Exercise requirements: Pull every line containing the word "diagram" from the records.
*** Available data Section Begins ***
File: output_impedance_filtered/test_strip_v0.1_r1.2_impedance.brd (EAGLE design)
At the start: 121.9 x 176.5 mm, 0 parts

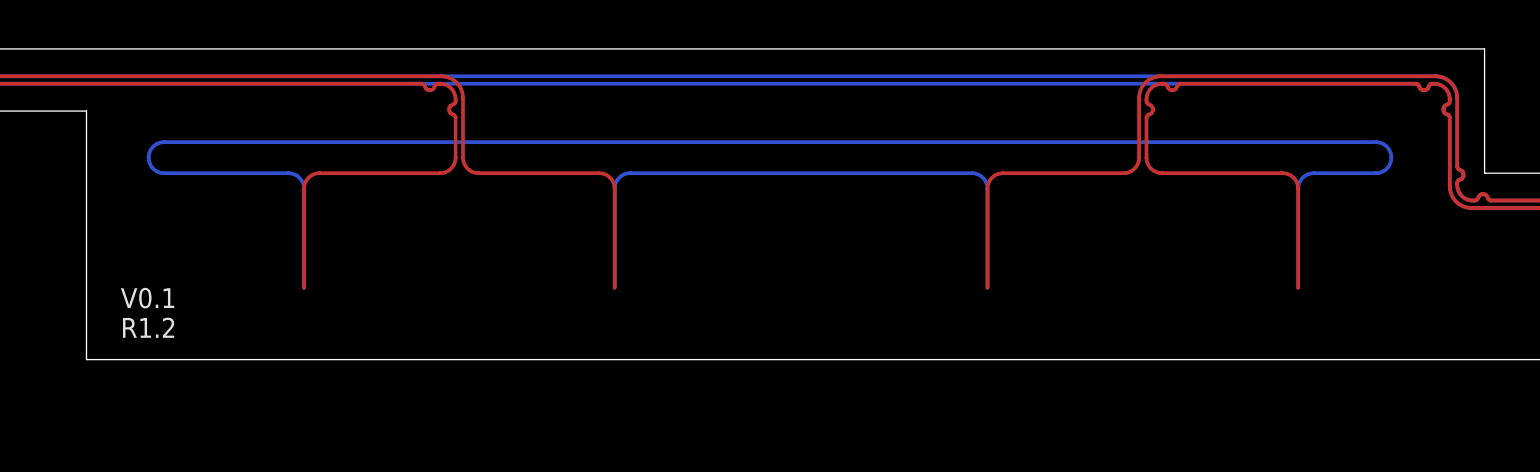
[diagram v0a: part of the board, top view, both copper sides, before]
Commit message: updated impedance filtered output brds
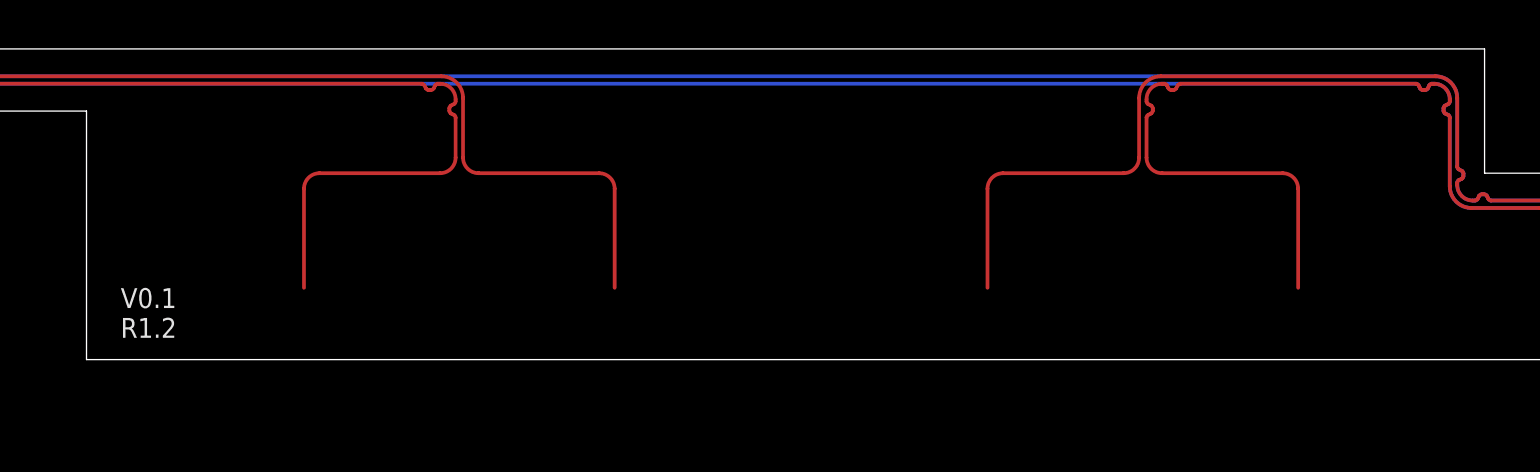
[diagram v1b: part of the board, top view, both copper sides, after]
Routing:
- net SIGB_N: track 70.6 -> 0.00 mm
- net SIGB_P: track 23.9 -> 0.00 mm
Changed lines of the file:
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@@
 <wire x1="27.4574" y1="3.3274" x2="27.4574" y2="3.414009375" width="0.1524" layer="16"/>
-</signal>
-<signal name="SIGB_P" class="1">
-<wire x1="8.255" y1="-0.875" x2="8.255" y2="3.175" width="0.1524" layer="16"/>
-<wire x1="8.255" y1="3.175" x2="7.62" y2="3.81" width="0.1524" layer="16" curve="90"/>
-<wire x1="7.62" y1="3.81" x2="-6.35" y2="3.81" width="0.1524" layer="16"/>
-<wire x1="-6.35" y1="3.81" x2="-6.985" y2="3.175" width="0.1524" layer="16" curve="90"/>
-<wire x1="-6.985" y1="3.175" x2="-6.985" y2="-0.875" width="0.1524" layer="16"/>
-</signal>
-<signal name="SIGB_N" class="1">
-<wire x1="-19.685" y1="-0.875" x2="-19.685" y2="3.175" width="0.1524" layer="16"/>
-<wire x1="-19.685" y1="3.175" x2="-20.32" y2="3.81" width="0.1524" layer="16" curve="90"/>
-<wire x1="-20.32" y1="3.81" x2="-25.4" y2="3.81" width="0.1524" layer="16"/>
-<wire x1="-25.4" y1="3.81" x2="-26.035" y2="4.445" width="0.1524" layer="16" curve="-90"/>
-<wire x1="-26.035" y1="4.445" x2="-25.4" y2="5.08" width="0.1524" layer="16" curve="-90"/>
-<wire x1="24.13" y1="5.08" x2="-25.4" y2="5.08" width="0.1524" layer="16"/>
-<wire x1="24.13" y1="5.08" x2="24.765" y2="4.445" width="0.1524" layer="16" curve="-90"/>
-<wire x1="24.765" y1="4.445" x2="24.13" y2="3.81" width="0.1524" layer="16" curve="-90"/>
-<wire x1="24.13" y1="3.81" x2="21.59" y2="3.81" width="0.1524" layer="16"/>
-<wire x1="21.59" y1="3.81" x2="20.955" y2="3.175" width="0.1524" layer="16" curve="90"/>
-<wire x1="20.955" y1="3.175" x2="20.955" y2="-0.875" width="0.1524" layer="16"/>
 </signal>
 </signals>
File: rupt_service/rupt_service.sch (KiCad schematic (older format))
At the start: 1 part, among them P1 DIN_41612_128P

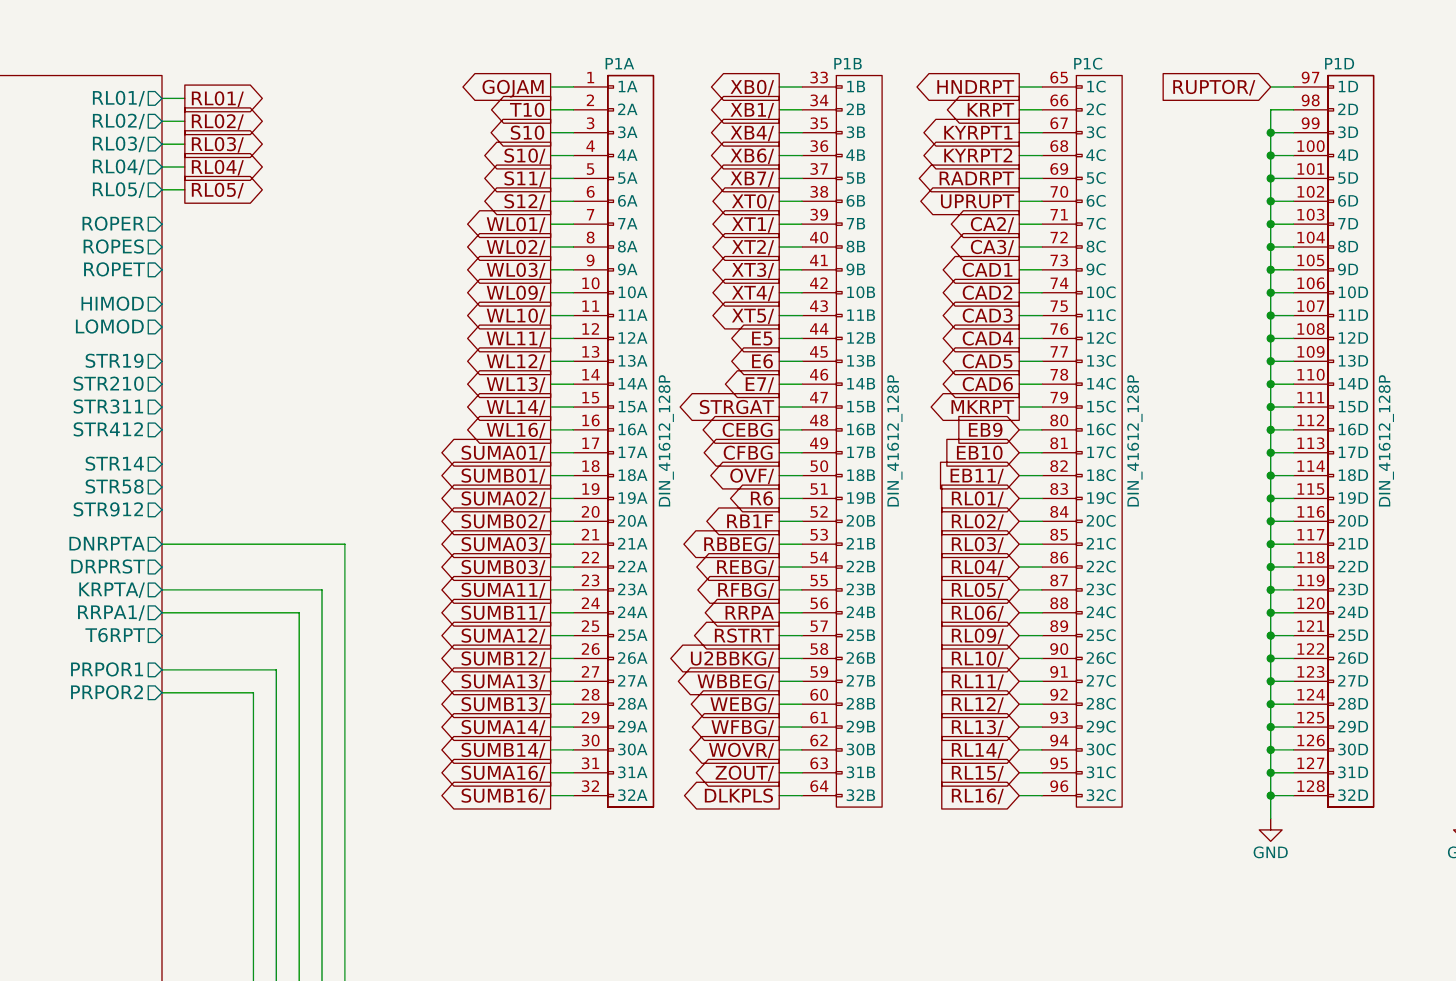
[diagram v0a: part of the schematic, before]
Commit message: New module: custom memory! This uses a flash chip and decodes address based entirely off of rope control signals.
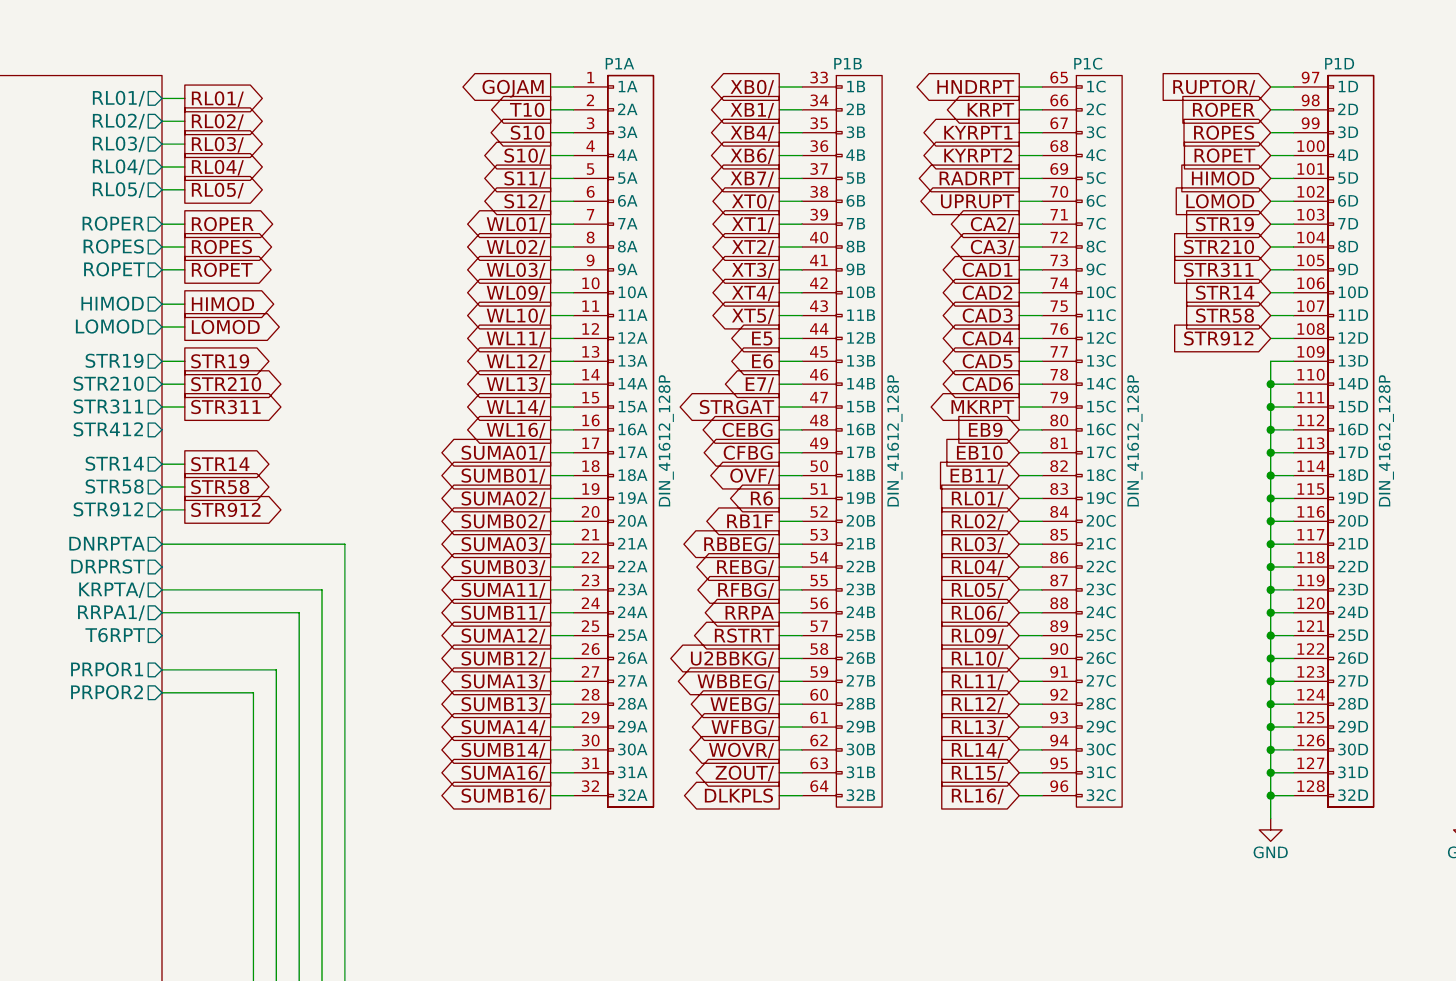
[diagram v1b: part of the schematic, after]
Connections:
- net GND: no longer P1.100 (4D), P1.101 (5D), P1.102 (6D), P1.103 (7D), P1.104 (8D), P1.105 (9D), P1.106 (10D), P1.107 (11D), P1.108 (12D), P1.98 (2D), P1.99 (3D)
- new net HIMOD: P1.101 (5D)
- new net LOMOD: P1.102 (6D)
- new net ROPER: P1.98 (2D)
- new net ROPES: P1.99 (3D)
- new net ROPET: P1.100 (4D)
- new net STR14: P1.106 (10D)
- new net STR19: P1.103 (7D)
- new net STR210: P1.104 (8D)
- new net STR311: P1.105 (9D)
- new net STR58: P1.107 (11D)
- new net STR912: P1.108 (12D)
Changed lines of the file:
@@
 $EndComp
-Wire Wire Line
-	12250 1500 12150 1500
-Wire Wire Line
-	12150 1600 12250 1600
-Connection ~ 12150 1600
-Wire Wire Line
-	12150 1700 12250 1700
-Connection ~ 12150 1700
-Wire Wire Line
-	12150 1800 12250 1800
-Connection ~ 12150 1800
-Wire Wire Line
-	12150 1900 12250 1900
-Connection ~ 12150 1900
-Wire Wire Line
-	12150 2000 12250 2000
-Connection ~ 12150 2000
-Wire Wire Line
-	12150 2100 12250 2100
-Connection ~ 12150 2100
-Wire Wire Line
-	12150 2200 12250 2200
-Connection ~ 12150 2200
-Wire Wire Line
-	12150 2300 12250 2300
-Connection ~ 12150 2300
*** Available data Section Ends ***
Solution:
[diagram v0a: part of the board, top view, both copper sides, before]
[diagram v1b: part of the board, top view, both copper sides, after]
[diagram v0a: part of the schematic, before]
[diagram v1b: part of the schematic, after]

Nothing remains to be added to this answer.